Homostructured rutile TiO2 nanotree arrays thin film electrodes with nitrogen doping for enhanced photoelectrochemical performance

Homostructured rutile TiO2 nanotree arrays thin films with nitrogen doping were synthesized on FTO glass substrates via a two-step hydrothermal method. The crystal structure and morphology of nanotree arrays thin films were characterized by means of X-ray diffractometer and field-emission scanning electron microscopy. Furthermore, the optical and photoelectrochemical performance of nitrogen doped TiO2 nanotree arrays thin films was analyzed respectively using diffuse reflectance spectroscopy, electrochemical impedance spectroscopy, linear sweep voltammetry, transient photocurrent and Mott-Schottky measurements.
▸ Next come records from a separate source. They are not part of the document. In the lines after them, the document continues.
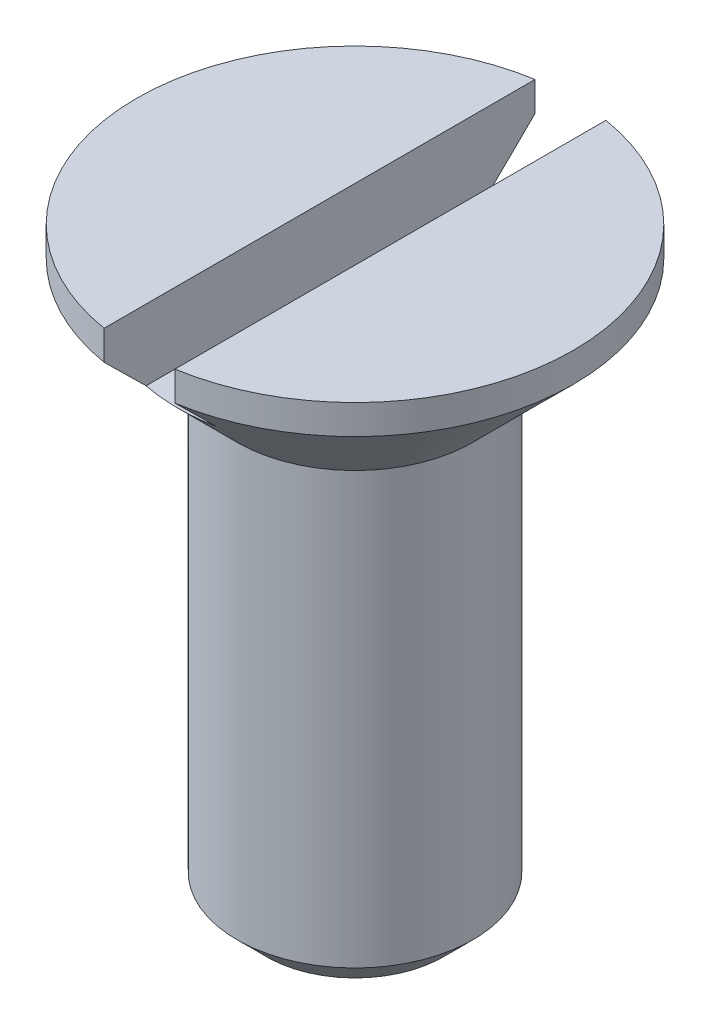
ISO-10303-21;
HEADER;
FILE_DESCRIPTION(('STEP AP214'),'2;1');
FILE_NAME('part.step','',(''),(''),'','','');
FILE_SCHEMA(('AUTOMOTIVE_DESIGN { 1 0 10303 214 1 1 1 1 }'));
ENDSEC;
DATA;
#1=APPLICATION_CONTEXT('core data for automotive mechanical design processes');
#2=APPLICATION_PROTOCOL_DEFINITION('international standard','automotive_design',2000,#1);
#3=PRODUCT_CONTEXT('',#1,'mechanical');
#4=PRODUCT('Part','Part','',(#3));
#5=PRODUCT_RELATED_PRODUCT_CATEGORY('part','',(#4));
#6=PRODUCT_DEFINITION_FORMATION('','',#4);
#7=PRODUCT_DEFINITION_CONTEXT('part definition',#1,'design');
#8=PRODUCT_DEFINITION('design','',#6,#7);
#9=PRODUCT_DEFINITION_SHAPE('','',#8);
#10=(LENGTH_UNIT() NAMED_UNIT(*) SI_UNIT(.MILLI.,.METRE.));
#11=(NAMED_UNIT(*) PLANE_ANGLE_UNIT() SI_UNIT($,.RADIAN.));
#12=(NAMED_UNIT(*) SI_UNIT($,.STERADIAN.) SOLID_ANGLE_UNIT());
#13=UNCERTAINTY_MEASURE_WITH_UNIT(LENGTH_MEASURE(1.E-05),#10,'distance_accuracy_value','');
#14=(GEOMETRIC_REPRESENTATION_CONTEXT(3) GLOBAL_UNCERTAINTY_ASSIGNED_CONTEXT((#13)) GLOBAL_UNIT_ASSIGNED_CONTEXT((#10,
#11,#12)) REPRESENTATION_CONTEXT('',''));
#15=CARTESIAN_POINT('',(0.,0.,0.));
#16=DIRECTION('',(0.,0.,1.));
#17=DIRECTION('',(1.,0.,0.));
#18=AXIS2_PLACEMENT_3D('',#15,#16,#17);
#19=CARTESIAN_POINT('',(-3.7,10.,0.));
#20=DIRECTION('',(0.,1.,0.));
#21=DIRECTION('',(-1.,0.,0.));
#22=AXIS2_PLACEMENT_3D('',#19,#20,#21);
#23=PLANE('',#22);
#24=DIRECTION('',(0.,0.,1.));
#25=VECTOR('',#24,1.);
#26=CARTESIAN_POINT('',(-0.6,10.,-3.7));
#27=LINE('',#26,#25);
#28=CARTESIAN_POINT('',(-0.6,10.,-3.65102725270574));
#29=VERTEX_POINT('',#28);
#30=CARTESIAN_POINT('',(-0.6,10.,3.65102725270574));
#31=VERTEX_POINT('',#30);
#32=EDGE_CURVE('E136',#29,#31,#27,.T.);
#33=ORIENTED_EDGE('',*,*,#32,.F.);
#34=CARTESIAN_POINT('',(0.,10.,0.));
#35=DIRECTION('',(0.,1.,0.));
#36=DIRECTION('',(-1.,0.,0.));
#37=AXIS2_PLACEMENT_3D('',#34,#35,#36);
#38=CIRCLE('',#37,3.7);
#39=EDGE_CURVE('E113',#29,#31,#38,.T.);
#40=ORIENTED_EDGE('',*,*,#39,.T.);
#41=EDGE_LOOP('',(#33,#40));
#42=FACE_BOUND('',#41,.T.);
#43=ADVANCED_FACE('F29',(#42),#23,.T.);
#44=CARTESIAN_POINT('',(0.,10.,0.));
#45=DIRECTION('',(0.,1.,0.));
#46=DIRECTION('',(-1.,0.,0.));
#47=AXIS2_PLACEMENT_3D('',#44,#45,#46);
#48=CYLINDRICAL_SURFACE('',#47,3.7);
#49=DIRECTION('',(0.,1.,0.));
#50=VECTOR('',#49,1.);
#51=CARTESIAN_POINT('',(-0.6,10.,3.65102725270574));
#52=LINE('',#51,#50);
#53=CARTESIAN_POINT('',(-0.6,9.50000000000002,3.65102725270574));
#54=VERTEX_POINT('',#53);
#55=EDGE_CURVE('E57',#31,#54,#52,.F.);
#56=ORIENTED_EDGE('',*,*,#55,.F.);
#57=ORIENTED_EDGE('',*,*,#39,.F.);
#58=DIRECTION('',(0.,1.,0.));
#59=VECTOR('',#58,1.);
#60=CARTESIAN_POINT('',(-0.6,10.,-3.65102725270574));
#61=LINE('',#60,#59);
#62=CARTESIAN_POINT('',(-0.6,9.50000000000002,-3.65102725270574));
#63=VERTEX_POINT('',#62);
#64=EDGE_CURVE('E130',#63,#29,#61,.T.);
#65=ORIENTED_EDGE('',*,*,#64,.F.);
#66=CARTESIAN_POINT('',(0.,9.50000000000002,0.));
#67=DIRECTION('',(0.,1.,0.));
#68=DIRECTION('',(-1.,0.,0.));
#69=AXIS2_PLACEMENT_3D('',#66,#67,#68);
#70=CIRCLE('',#69,3.7);
#71=EDGE_CURVE('E117',#63,#54,#70,.T.);
#72=ORIENTED_EDGE('',*,*,#71,.T.);
#73=EDGE_LOOP('',(#56,#57,#65,#72));
#74=FACE_BOUND('',#73,.T.);
#75=ADVANCED_FACE('F146',(#74),#48,.T.);
#76=DIRECTION('',(0.,0.,1.));
#77=VECTOR('',#76,1.);
#78=CARTESIAN_POINT('',(0.6,10.,-3.7));
#79=LINE('',#78,#77);
#80=CARTESIAN_POINT('',(0.6,10.,-3.65102725270574));
#81=VERTEX_POINT('',#80);
#82=CARTESIAN_POINT('',(0.6,10.,3.65102725270574));
#83=VERTEX_POINT('',#82);
#84=EDGE_CURVE('E100',#81,#83,#79,.T.);
#85=ORIENTED_EDGE('',*,*,#84,.T.);
#86=EDGE_CURVE('E111',#83,#81,#38,.T.);
#87=ORIENTED_EDGE('',*,*,#86,.T.);
#88=EDGE_LOOP('',(#85,#87));
#89=FACE_BOUND('',#88,.T.);
#90=ADVANCED_FACE('F31',(#89),#23,.T.);
#91=DIRECTION('',(0.,1.,0.));
#92=VECTOR('',#91,1.);
#93=CARTESIAN_POINT('',(0.6,10.,-3.65102725270574));
#94=LINE('',#93,#92);
#95=CARTESIAN_POINT('',(0.6,9.50000000000002,-3.65102725270574));
#96=VERTEX_POINT('',#95);
#97=EDGE_CURVE('E132',#81,#96,#94,.F.);
#98=ORIENTED_EDGE('',*,*,#97,.F.);
#99=ORIENTED_EDGE('',*,*,#86,.F.);
#100=DIRECTION('',(0.,1.,0.));
#101=VECTOR('',#100,1.);
#102=CARTESIAN_POINT('',(0.6,10.,3.65102725270574));
#103=LINE('',#102,#101);
#104=CARTESIAN_POINT('',(0.6,9.50000000000002,3.65102725270574));
#105=VERTEX_POINT('',#104);
#106=EDGE_CURVE('E134',#105,#83,#103,.T.);
#107=ORIENTED_EDGE('',*,*,#106,.F.);
#108=EDGE_CURVE('E106',#105,#96,#70,.T.);
#109=ORIENTED_EDGE('',*,*,#108,.T.);
#110=EDGE_LOOP('',(#98,#99,#107,#109));
#111=FACE_BOUND('',#110,.T.);
#112=ADVANCED_FACE('F153',(#111),#48,.T.);
#113=CARTESIAN_POINT('',(0.,9.50000000000002,0.));
#114=DIRECTION('',(0.,1.,0.));
#115=DIRECTION('',(-1.,0.,0.));
#116=AXIS2_PLACEMENT_3D('',#113,#114,#115);
#117=CONICAL_SURFACE('',#116,3.7,0.785398163397443);
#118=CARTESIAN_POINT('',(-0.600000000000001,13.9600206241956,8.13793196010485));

The results showed that nitrogen doping significantly affected the morphology of branched nanostructure, electron energy band structure, electron transportation and charge carrier recombination at the surface and interface of nanotrees. Optimized photoelectrochemical performance was achieved with relatively lower electron transport resistance and higher photocurrent density by the TiO2 nanotree arrays thin film with N/Ti molar ratio of 1, which can be mainly attributed to the formation of appropriate branched nanostructure to improve photoexcited electrons rate and new localized mid-gap states energy levels due to the nitrogen doping.